# Class 10 flash memory necessary for a Canon Rebel T2i?



## Club105 (Feb 15, 2011)

Hi everyone,

I just got a Canon Rebel T2i as a gift and it's my first digital SLR camera. I needed to pick up some Flash memory, but since I'm off to Florida on Thursday, I didn't have time to do any homework. 

I went to Future Shop (like Best Buy) and was pursuaded to buy a "class 10" Panasonic 8GB card. The sales guy said it's the best bet for SLRs and for shooting HD video. 

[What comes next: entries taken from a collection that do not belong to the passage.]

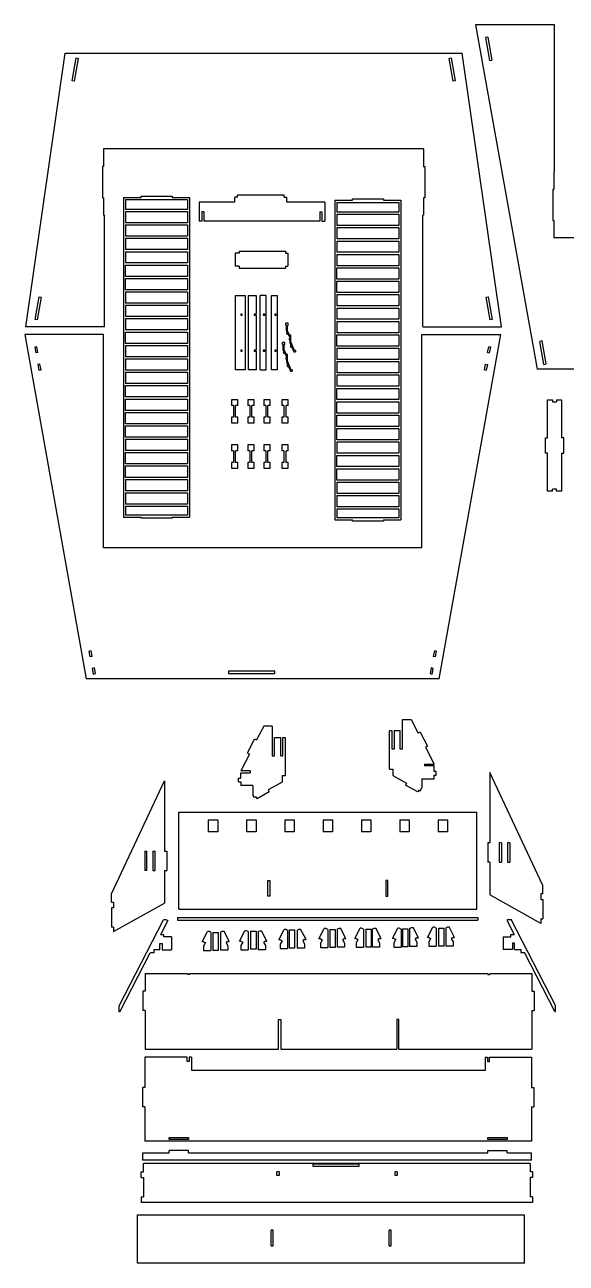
# Model space of a CAD drawing. Extents: x -1378 to 1378, y -734 to 734.
# Drawn here: x -1378 to -827, y -634 to 629 of the extents above; entities that cross this region are included whole.
import ezdxf

# ---------------------------------------------------------------- set-up
doc = ezdxf.new("R2010")
doc.units = 0
doc.header["$MEASUREMENT"] = 0
doc.layers.get('0').update_dxf_attribs({"linetype": 'CONTINUOUS'})

msp = doc.modelspace()

# ---------------------------------------------------------------- linework, layer by layer
for p, q in [((-919.4, 628.7), (-856.7, 277.7)), ((-839.1, 628.7), (-919.4, 628.7)), ((-839.1, 478.8), (-839.1, 628.7)), ((-907, 616.1), (-909.1, 615.8)), ((-909.1, 615.8), (-905, 592.4)), ((-907, 616.1), (-902.8, 592.8)), ((-1377.4, 320.9), (-1337.1, 599.9)), ((-1337.1, 599.9), (-933.1, 599.9)), ((-1330.2, 571.5), (-1326.1, 594.9)), ((-1323.9, 594.5), (-1328.1, 571.1)), ((-1326.1, 594.9), (-1323.9, 594.5)), ((-946.2, 594.5), (-944.1, 594.9)), ((-942.1, 571.1), (-946.2, 594.5)), ((-944.1, 594.9), (-940, 571.5)), ((-892.8, 320.9), (-933.1, 599.9)), ((-905, 592.4), (-902.8, 592.8)), ((-1328.1, 571.1), (-1330.2, 571.5)), ((-940, 571.5), (-942.1, 571.1)), ((-972.3, 502.1), (-1298.2, 502.1)), ((-1298.2, 502.1), (-1298.2, 484.1)), ((-972.3, 502.1), (-972.3, 484.1)), ((-1298.2, 484.1), (-1299.3, 484.1)), ((-1299.3, 484.1), (-1299.3, 452.3)), ((-972.3, 484.1), (-970.9, 484.1)), ((-970.9, 484.1), (-970.9, 452.3)), ((-839.1, 478.8), (-839.7, 478.8)), ((-839.7, 478.8), (-839.7, 460.8)), ((-1161.6, 452.9), (-1161.6, 455)), ((-1114.4, 455), (-1161.6, 455)), ((-1114.4, 452.9), (-1114.4, 455)), ((-839.7, 460.8), (-840.8, 460.8)), ((-840.8, 460.8), (-840.8, 429.1)), ((-1299.3, 452.3), (-1298.2, 452.3)), ((-1298.2, 452.3), (-1298.2, 434.6)), ((-1278, 452.6), (-1260, 452.6)), ((-1278, 452.6), (-1278, 126.8)), ((-1275.9, 450.5), (-1275.9, 440.5)), ((-1275.9, 450.5), (-1212.7, 450.5)), ((-1260, 454.1), (-1228.3, 454.1)), ((-1260, 452.6), (-1260, 454.1)), ((-1228.3, 454.1), (-1228.3, 452.6)), ((-1228.3, 452.6), (-1210.6, 452.6)), ((-1212.7, 450.5), (-1212.7, 440.5)), ((-1210.6, 452.6), (-1210.6, 126.8)), ((-1200.8, 447.9), (-1200.8, 428.7)), ((-1164.6, 447.9), (-1200.8, 447.9)), ((-1161.6, 452.9), (-1164.6, 452.9)), ((-1164.6, 447.9), (-1164.6, 452.9)), ((-1114.4, 452.9), (-1111.4, 452.9)), ((-1111.4, 447.9), (-1111.4, 452.9)), ((-1073, 447.9), (-1111.4, 447.9)), ((-1073, 447.9), (-1073, 428.7)), ((-1062.8, 449.8), (-1044.8, 449.8)), ((-1062.8, 449.8), (-1062.8, 124)), ((-1060.7, 447.7), (-1060.7, 437.7)), ((-1060.7, 447.7), (-997.5, 447.7)), ((-1044.8, 451.3), (-1013, 451.3)), ((-1044.8, 449.8), (-1044.8, 451.3)), ((-1013, 451.3), (-1013, 449.8)), ((-1013, 449.8), (-995.4, 449.8)), ((-997.5, 447.7), (-997.5, 437.7)), ((-995.4, 449.8), (-995.4, 124)), ((-972.3, 452.3), (-972.3, 434.6)), ((-970.9, 452.3), (-972.3, 452.3)), ((-1298.2, 434.6), (-1297.2, 434.6)), ((-1297.2, 320.9), (-1297.2, 434.6)), ((-1212.7, 440.5), (-1275.9, 440.5)), ((-1275.9, 438.4), (-1212.7, 438.4)), ((-1275.9, 438.4), (-1275.9, 426.9)), ((-1212.7, 438.4), (-1212.7, 426.9)), ((-1198.1, 438.1), (-1198.1, 428.7)), ((-1196, 438.1), (-1198.1, 438.1)), ((-1196, 438.1), (-1196, 428.7)), ((-1077.9, 438.1), (-1075.8, 438.1)), ((-1077.9, 438.1), (-1077.9, 428.7)), ((-1075.8, 438.1), (-1075.8, 428.7)), ((-997.5, 437.7), (-1060.7, 437.7)), ((-1060.7, 435.6), (-1060.7, 424.1)), ((-1060.7, 435.6), (-997.5, 435.6)), ((-997.5, 435.6), (-997.5, 424.1)), ((-973, 320.9), (-973, 434.6)), ((-972.3, 434.6), (-973, 434.6)), ((-1212.7, 426.9), (-1275.9, 426.9)), ((-1275.9, 424.8), (-1275.9, 413.2)), ((-1275.9, 424.8), (-1212.7, 424.8)), ((-1212.7, 424.8), (-1212.7, 413.2)), ((-1198.1, 428.7), (-1200.8, 428.7)), ((-1077.9, 428.7), (-1196, 428.7)), ((-1075.8, 428.7), (-1073, 428.7)), ((-997.5, 424.1), (-1060.7, 424.1)), ((-1060.7, 422), (-1060.7, 410.4)), ((-1060.7, 422), (-997.5, 422)), ((-997.5, 422), (-997.5, 410.4)), ((-840.8, 429.1), (-839.7, 429.1)), ((-839.7, 429.1), (-839.7, 411.4)), ((-1212.7, 413.2), (-1275.9, 413.2)), ((-1275.9, 411.1), (-1275.9, 399.6)), ((-1275.9, 411.1), (-1212.7, 411.1)), ((-1212.7, 411.1), (-1212.7, 399.6)), ((-997.5, 410.4), (-1060.7, 410.4)), ((-1060.7, 408.3), (-1060.7, 396.8)), ((-1060.7, 408.3), (-997.5, 408.3)), ((-997.5, 408.3), (-997.5, 396.8)), ((-513.8, 411.4), (-839.7, 411.4)), ((-1212.7, 399.6), (-1275.9, 399.6)), ((-1275.9, 397.4), (-1275.9, 385.9)), ((-1275.9, 397.4), (-1212.7, 397.4)), ((-1212.7, 397.4), (-1212.7, 385.9)), ((-1160.2, 396), (-1164.2, 396)), ((-1164.2, 396), (-1164.2, 382.6)), ((-1160.2, 398.1), (-1112.9, 398.1)), ((-1160.2, 398.1), (-1160.2, 396)), ((-1112.9, 398.1), (-1112.9, 396)), ((-1112.9, 396), (-1110.6, 396)), ((-1110.6, 396), (-1110.6, 382.6)), ((-997.5, 396.8), (-1060.7, 396.8)), ((-1060.7, 394.7), (-1060.7, 383.1)), ((-1060.7, 394.7), (-997.5, 394.7)), ((-997.5, 394.7), (-997.5, 383.1)), ((-1212.7, 385.9), (-1275.9, 385.9)), ((-1275.9, 372.3), (-1275.9, 383.8)), ((-1275.9, 383.8), (-1212.7, 383.8)), ((-1212.7, 383.8), (-1212.7, 372.3)), ((-1160.2, 382.6), (-1164.2, 382.6)), ((-1160.2, 382.6), (-1160.2, 380.5)), ((-1160.2, 380.5), (-1112.9, 380.5)), ((-1112.9, 382.6), (-1110.6, 382.6)), ((-1112.9, 382.6), (-1112.9, 380.5)), ((-997.5, 383.1), (-1060.7, 383.1)), ((-1060.7, 369.5), (-1060.7, 381)), ((-1060.7, 381), (-997.5, 381)), ((-997.5, 381), (-997.5, 369.5)), ((-1212.7, 372.3), (-1275.9, 372.3)), ((-1275.9, 358.6), (-1275.9, 370.1)), ((-1275.9, 370.1), (-1212.7, 370.1)), ((-1212.7, 370.1), (-1212.7, 358.6)), ((-997.5, 369.5), (-1060.7, 369.5)), ((-1060.7, 355.8), (-1060.7, 367.3)), ((-1060.7, 367.3), (-997.5, 367.3)), ((-997.5, 367.3), (-997.5, 355.8)), ((-1212.7, 358.6), (-1275.9, 358.6)), ((-1275.9, 356.5), (-1275.9, 344.9)), ((-1275.9, 356.5), (-1212.7, 356.5)), ((-1212.7, 356.5), (-1212.7, 344.9)), ((-997.5, 355.8), (-1060.7, 355.8)), ((-1060.7, 353.7), (-1060.7, 342.1)), ((-1060.7, 353.7), (-997.5, 353.7)), ((-997.5, 353.7), (-997.5, 342.1)), ((-1367.8, 328.2), (-1363.7, 351.5)), ((-1361.6, 351.2), (-1365.7, 327.8)), ((-1363.7, 351.5), (-1361.6, 351.2)), ((-1212.7, 344.9), (-1275.9, 344.9)), ((-1275.9, 342.8), (-1275.9, 331.3)), ((-1275.9, 342.8), (-1212.7, 342.8)), ((-1212.7, 342.8), (-1212.7, 331.3)), ((-1163.8, 352.7), (-1153.9, 352.7)), ((-1163.8, 277.1), (-1163.8, 352.7)), ((-1153.9, 352.7), (-1153.9, 277.1)), ((-1150.6, 352.7), (-1142.6, 352.7)), ((-1150.6, 277.1), (-1150.6, 352.7)), ((-1142.6, 352.7), (-1142.6, 333.8)), ((-1138.8, 277.1), (-1138.8, 352.7)), ((-1132.4, 352.7), (-1138.8, 352.7)), ((-1132.4, 277.1), (-1132.4, 352.7)), ((-1127.2, 352.7), (-1121.4, 352.7)), ((-1127.2, 277.1), (-1127.2, 352.7)), ((-1121.4, 352.7), (-1121.4, 277.1)), ((-997.5, 342.1), (-1060.7, 342.1)), ((-908.6, 351.2), (-906.5, 351.5)), ((-904.5, 327.8), (-908.6, 351.2)), ((-906.5, 351.5), (-902.3, 328.2)), ((-1212.7, 331.3), (-1275.9, 331.3)), ((-1275.9, 329.2), (-1275.9, 317.6)), ((-1275.9, 329.2), (-1212.7, 329.2)), ((-1212.7, 329.2), (-1212.7, 317.6)), ((-1157, 333.8), (-1158.5, 333.8)), ((-1158.5, 333.8), (-1158.5, 332.7)), ((-1158.5, 332.7), (-1157, 332.7)), ((-1157, 332.7), (-1157, 333.8)), ((-1144.7, 333.8), (-1144.7, 332.7)), ((-1142.6, 333.8), (-1144.7, 333.8)), ((-1144.7, 332.7), (-1142.6, 332.7)), ((-1142.6, 332.7), (-1142.6, 297.1)), ((-1134, 333.8), (-1135.5, 333.8)), ((-1135.5, 333.8), (-1135.5, 332.7)), ((-1135.5, 332.7), (-1134, 332.7)), ((-1134, 332.7), (-1134, 333.8)), ((-1123.8, 333.8), (-1123.8, 332.7)), ((-1122.4, 333.8), (-1123.8, 333.8)), ((-1123.8, 332.7), (-1122.4, 332.7)), ((-1122.4, 332.7), (-1122.4, 333.8)), ((-1060.7, 340), (-1060.7, 328.5)), ((-1060.7, 340), (-997.5, 340)), ((-997.5, 328.5), (-1060.7, 328.5)), ((-997.5, 340), (-997.5, 328.5)), ((-1297.2, 320.9), (-1377.4, 320.9)), ((-1365.7, 327.8), (-1367.8, 328.2)), ((-1212.7, 317.6), (-1275.9, 317.6)), ((-1110.1, 324.4), (-1112.7, 324.4)), ((-1112.7, 322.3), (-1112.7, 324.4)), ((-1112, 322.3), (-1112.7, 322.3)), ((-1112, 316.7), (-1112, 322.3)), ((-1112, 316.7), (-1111.1, 314.9)), ((-1111, 316.9), (-1111, 322.3)), ((-1111, 322.3), (-1110.1, 322.3)), ((-1108.7, 312.2), (-1111, 316.9)), ((-1110.1, 322.3), (-1110.1, 324.4)), ((-1060.7, 326.4), (-1060.7, 314.8)), ((-1060.7, 326.4), (-997.5, 326.4)), ((-997.5, 326.4), (-997.5, 314.8)), ((-973, 320.9), (-892.8, 320.9)), ((-902.3, 328.2), (-904.5, 327.8)), ((-1378.3, 313), (-1315.7, -38.1)), ((-1298.1, 313), (-1378.3, 313)), ((-1298.1, 95.6), (-1298.1, 313)), ((-1275.9, 304), (-1275.9, 315.5)), ((-1275.9, 315.5), (-1212.7, 315.5)), ((-1212.7, 304), (-1275.9, 304)), ((-1212.7, 315.5), (-1212.7, 304)), ((-1113.4, 304.7), (-1116, 304.7)), ((-1116, 302.7), (-1116, 304.7)), ((-1113.4, 302.7), (-1113.4, 304.7)), ((-1111.1, 314.9), (-1112, 314.4)), ((-1112, 314.4), (-1111.4, 313.1)), ((-1110.5, 313.6), (-1111.4, 313.1)), ((-1110.5, 313.6), (-1109.3, 311.2)), ((-1109.3, 311.2), (-1108.6, 311.2)), ((-1109.3, 309.1), (-1109.3, 307.7)), ((-1108.6, 309.1), (-1109.3, 309.1)), ((-1108.6, 307.7), (-1109.3, 307.7)), ((-1107.6, 312.2), (-1108.7, 312.2)), ((-1108.6, 311.2), (-1108.6, 309.1)), ((-1108.6, 307.7), (-1108.6, 305)), ((-1108.6, 305), (-1107.1, 301.5)), ((-1107.6, 305.2), (-1107.6, 312.2)), ((-1107.6, 305.2), (-1104, 296.8)), ((-997.5, 314.8), (-1060.7, 314.8)), ((-1060.7, 301.2), (-1060.7, 312.7)), ((-1060.7, 312.7), (-997.5, 312.7)), ((-997.5, 312.7), (-997.5, 301.2)), ((-973.9, 95.6), (-973.9, 313)), ((-973.9, 313), (-893.7, 313)), ((-956.4, -38.1), (-893.7, 313)), ((-851.7, 306.4), (-853.8, 306)), ((-849.7, 282.6), (-853.8, 306)), ((-847.5, 283), (-851.7, 306.4)), ((-1366, 300.4), (-1368.1, 300)), ((-1368.1, 300), (-1367, 294.2)), ((-1364.9, 294.5), (-1367, 294.2)), ((-1364.9, 294.5), (-1366, 300.4)), ((-1275.9, 301.9), (-1275.9, 290.3)), ((-1275.9, 301.9), (-1212.7, 301.9)), ((-1212.7, 301.9), (-1212.7, 290.3)), ((-1157, 297.1), (-1158.5, 297.1)), ((-1158.5, 297.1), (-1158.5, 296)), ((-1158.5, 296), (-1157, 296)), ((-1157, 296), (-1157, 297.1)), ((-1144.7, 297.1), (-1144.7, 296)), ((-1142.6, 297.1), (-1144.7, 297.1)), ((-1144.7, 296), (-1142.6, 296)), ((-1142.6, 296), (-1142.6, 277.1)), ((-1134, 297.1), (-1135.5, 297.1)), ((-1135.5, 297.1), (-1135.5, 296)), ((-1135.5, 296), (-1134, 296)), ((-1134, 296), (-1134, 297.1)), ((-1122.4, 297.1), (-1123.8, 297.1)), ((-1123.8, 297.1), (-1123.8, 296)), ((-1123.8, 296), (-1122.4, 296)), ((-1122.4, 296), (-1122.4, 297.1)), ((-1115.2, 302.7), (-1116, 302.7)), ((-1114.3, 295.2), (-1115.3, 294.7)), ((-1115.3, 294.7), (-1114.6, 293.5)), ((-1115.2, 297), (-1115.2, 302.7)), ((-1115.2, 297), (-1114.3, 295.2)), ((-1113.7, 293.9), (-1114.6, 293.5)), ((-1114.3, 297.2), (-1114.3, 302.7)), ((-1114.3, 302.7), (-1113.4, 302.7)), ((-1111.9, 292.5), (-1114.3, 297.2)), ((-1113.7, 293.9), (-1112.5, 291.5)), ((-1112.5, 291.5), (-1111.8, 291.5)), ((-1110.9, 292.5), (-1111.9, 292.5)), ((-1111.8, 291.5), (-1111.8, 289.4)), ((-1110.9, 285.5), (-1110.9, 292.5)), ((-1107.1, 301.5), (-1108.1, 301.1)), ((-1108.1, 301.1), (-1107.5, 299.7)), ((-1106.5, 300.1), (-1107.5, 299.7)), ((-1106.5, 300.1), (-1104.4, 295.3)), ((-1104.4, 295.3), (-1102.7, 295.3)), ((-1102.7, 296.8), (-1104, 296.8)), ((-1102.7, 296.8), (-1102.7, 295.3)), ((-997.5, 301.2), (-1060.7, 301.2)), ((-1060.7, 299.1), (-1060.7, 287.5)), ((-1060.7, 299.1), (-997.5, 299.1)), ((-997.5, 299.1), (-997.5, 287.5)), ((-907.1, 294.5), (-906, 300.4)), ((-907.1, 294.5), (-905, 294.2)), ((-903.9, 300), (-906, 300.4)), ((-905, 294.2), (-903.9, 300)), ((-1362.9, 282.9), (-1365, 282.5)), ((-1365, 282.5), (-1363.9, 276.7)), ((-1361.8, 277), (-1362.9, 282.9)), ((-1212.7, 290.3), (-1275.9, 290.3)), ((-1275.9, 288.2), (-1212.7, 288.2)), ((-1275.9, 288.2), (-1275.9, 276.7)), ((-1212.7, 288.2), (-1212.7, 276.7)), ((-1112.6, 289.4), (-1112.6, 288)), ((-1111.8, 289.4), (-1112.6, 289.4)), ((-1111.8, 288), (-1112.6, 288)), ((-1111.8, 288), (-1111.8, 285.3)), ((-1111.8, 285.3), (-1110.4, 281.8)), ((-1110.4, 281.8), (-1111.4, 281.4)), ((-1111.4, 281.4), (-1110.7, 280)), ((-1110.9, 285.5), (-1107.3, 277.1)), ((-1109.7, 280.4), (-1110.7, 280)), ((-1109.7, 280.4), (-1107.7, 275.6)), ((-997.5, 287.5), (-1060.7, 287.5)), ((-1060.7, 285.4), (-1060.7, 273.9)), ((-1060.7, 285.4), (-997.5, 285.4)), ((-997.5, 285.4), (-997.5, 273.9)), ((-910.2, 277), (-909.2, 282.9)), ((-909.2, 282.9), (-907, 282.5)), ((-908.1, 276.7), (-907, 282.5)), ((-849.7, 282.6), (-847.5, 283)), ((-1363.9, 276.7), (-1361.8, 277)), ((-1212.7, 276.7), (-1275.9, 276.7)), ((-1275.9, 274.5), (-1275.9, 263)), ((-1275.9, 274.5), (-1212.7, 274.5)), ((-1212.7, 274.5), (-1212.7, 263)), ((-1153.9, 277.1), (-1163.8, 277.1)), ((-1142.6, 277.1), (-1150.6, 277.1)), ((-1138.8, 277.1), (-1132.4, 277.1)), ((-1121.4, 277.1), (-1127.2, 277.1)), ((-1107.7, 275.6), (-1106, 275.6)), ((-1106, 277.1), (-1107.3, 277.1)), ((-1106, 277.1), (-1106, 275.6)), ((-997.5, 273.9), (-1060.7, 273.9)), ((-1060.7, 271.8), (-1060.7, 260.2)), ((-1060.7, 271.8), (-997.5, 271.8)), ((-997.5, 271.8), (-997.5, 260.2)), ((-910.2, 277), (-908.1, 276.7)), ((-497.4, 277.7), (-856.7, 277.7)), ((-1212.7, 263), (-1275.9, 263)), ((-1275.9, 249.4), (-1275.9, 260.9)), ((-1275.9, 260.9), (-1212.7, 260.9)), ((-1212.7, 260.9), (-1212.7, 249.4)), ((-997.5, 260.2), (-1060.7, 260.2)), ((-1060.7, 246.6), (-1060.7, 258.1)), ((-1060.7, 258.1), (-997.5, 258.1)), ((-997.5, 258.1), (-997.5, 246.6)), ((-1212.7, 249.4), (-1275.9, 249.4)), ((-1275.9, 235.7), (-1275.9, 247.2)), ((-1275.9, 247.2), (-1212.7, 247.2)), ((-1212.7, 247.2), (-1212.7, 235.7)), ((-1161.5, 246.5), (-1168, 246.5)), ((-1168, 246.5), (-1168, 240.6)), ((-1165.9, 240.6), (-1168, 240.6)), ((-1165.9, 240.6), (-1165.9, 228.7)), ((-1161.5, 240.6), (-1163.7, 240.6)), ((-1163.7, 228.7), (-1163.7, 240.6)), ((-1161.5, 240.6), (-1161.5, 246.5)), ((-1151.3, 246.5), (-1151.3, 240.6)), ((-1144.8, 246.5), (-1151.3, 246.5)), ((-1149.2, 240.6), (-1151.3, 240.6)), ((-1149.2, 240.6), (-1149.2, 228.7)), ((-1144.8, 240.6), (-1147, 240.6)), ((-1147, 228.7), (-1147, 240.6)), ((-1144.8, 240.6), (-1144.8, 246.5)), ((-1135.1, 246.5), (-1135.1, 240.6)), ((-1128.6, 246.5), (-1135.1, 246.5)), ((-1133, 240.6), (-1135.1, 240.6)), ((-1133, 240.6), (-1133, 228.7)), ((-1130.8, 228.7), (-1130.8, 240.6)), ((-1128.6, 240.6), (-1130.8, 240.6)), ((-1128.6, 240.6), (-1128.6, 246.5)), ((-1116.6, 246.5), (-1116.6, 240.6)), ((-1110.1, 246.5), (-1116.6, 246.5)), ((-1114.5, 240.6), (-1116.6, 240.6)), ((-1114.5, 240.6), (-1114.5, 228.7)), ((-1112.3, 228.7), (-1112.3, 240.6)), ((-1110.1, 240.6), (-1112.3, 240.6)), ((-1110.1, 240.6), (-1110.1, 246.5)), ((-997.5, 246.6), (-1060.7, 246.6)), ((-1060.7, 232.9), (-1060.7, 244.5)), ((-1060.7, 244.5), (-997.5, 244.5)), ((-997.5, 244.5), (-997.5, 232.9)), ((-846.2, 207.7), (-846.2, 246.4)), ((-846.2, 246.4), (-841.1, 246.4)), ((-841.1, 246.4), (-841.1, 244.3)), ((-841.1, 244.3), (-836.8, 244.3)), ((-836.8, 246.4), (-836.8, 244.3)), ((-836.8, 246.4), (-831.7, 246.4)), ((-831.7, 246.4), (-831.7, 207.7)), ((-1212.7, 235.7), (-1275.9, 235.7)), ((-1275.9, 222), (-1275.9, 233.6)), ((-1275.9, 233.6), (-1212.7, 233.6)), ((-1212.7, 233.6), (-1212.7, 222)), ((-1165.9, 228.7), (-1168, 228.7)), ((-1168, 228.7), (-1168, 222.8)), ((-1161.5, 228.7), (-1163.7, 228.7)), ((-1161.5, 222.8), (-1161.5, 228.7)), ((-1149.2, 228.7), (-1151.3, 228.7)), ((-1151.3, 228.7), (-1151.3, 222.8)), ((-1144.8, 228.7), (-1147, 228.7)), ((-1144.8, 222.8), (-1144.8, 228.7)), ((-1135.1, 228.7), (-1135.1, 222.8)), ((-1133, 228.7), (-1135.1, 228.7)), ((-1128.6, 228.7), (-1130.8, 228.7)), ((-1128.6, 222.8), (-1128.6, 228.7)), ((-1116.6, 228.7), (-1116.6, 222.8)), ((-1114.5, 228.7), (-1116.6, 228.7)), ((-1110.1, 228.7), (-1112.3, 228.7)), ((-1110.1, 222.8), (-1110.1, 228.7)), ((-997.5, 232.9), (-1060.7, 232.9)), ((-1060.7, 230.8), (-997.5, 230.8)), ((-1060.7, 219.3), (-1060.7, 230.8)), ((-997.5, 230.8), (-997.5, 219.3)), ((-1212.7, 222), (-1275.9, 222)), ((-1275.9, 208.4), (-1275.9, 219.9)), ((-1275.9, 219.9), (-1212.7, 219.9)), ((-1212.7, 219.9), (-1212.7, 208.4)), ((-1168, 222.8), (-1161.5, 222.8)), ((-1151.3, 222.8), (-1144.8, 222.8)), ((-1135.1, 222.8), (-1128.6, 222.8)), ((-1116.6, 222.8), (-1110.1, 222.8)), ((-997.5, 219.3), (-1060.7, 219.3)), ((-1060.7, 205.6), (-1060.7, 217.1)), ((-1060.7, 217.1), (-997.5, 217.1)), ((-997.5, 217.1), (-997.5, 205.6)), ((-1212.7, 208.4), (-1275.9, 208.4)), ((-1275.9, 206.3), (-1275.9, 194.7)), ((-1275.9, 206.3), (-1212.7, 206.3)), ((-1212.7, 206.3), (-1212.7, 194.7)), ((-997.5, 205.6), (-1060.7, 205.6)), ((-1060.7, 203.5), (-1060.7, 191.9)), ((-1060.7, 203.5), (-997.5, 203.5)), ((-997.5, 203.5), (-997.5, 191.9)), ((-848.3, 207.7), (-846.2, 207.7)), ((-848.3, 192), (-848.3, 207.7)), ((-829.6, 207.7), (-831.7, 207.7)), ((-829.6, 192), (-829.6, 207.7)), ((-1212.7, 194.7), (-1275.9, 194.7)), ((-1275.9, 181.1), (-1275.9, 192.6)), ((-1275.9, 192.6), (-1212.7, 192.6)), ((-1212.7, 192.6), (-1212.7, 181.1)), ((-1168, 200.4), (-1168, 194.4)), ((-1161.5, 200.4), (-1168, 200.4)), ((-1165.9, 194.4), (-1168, 194.4)), ((-1165.9, 194.4), (-1165.9, 182.6)), ((-1163.7, 182.6), (-1163.7, 194.4)), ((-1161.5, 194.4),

My question to the forum is, is Class 10 flash memory necessary? Is a lower (and cheaper!) class ok to use? I'd rather save the money and get a lower class 16 GB card if it would be good enough. 

Thanks!


----------



## DisasterDan (Feb 16, 2011)

That was a good choice, but maybe not needed. Class 10 cards have a Higher write speed, so your pictures will go on the card faster. This helps taking video, as well as increasing your fps very slightly. You could of gotten a class 6 card but they will be slower.

"Canon specifically states that with anything less than a _Class 6_ memory card, you will see problems with video recording and playback."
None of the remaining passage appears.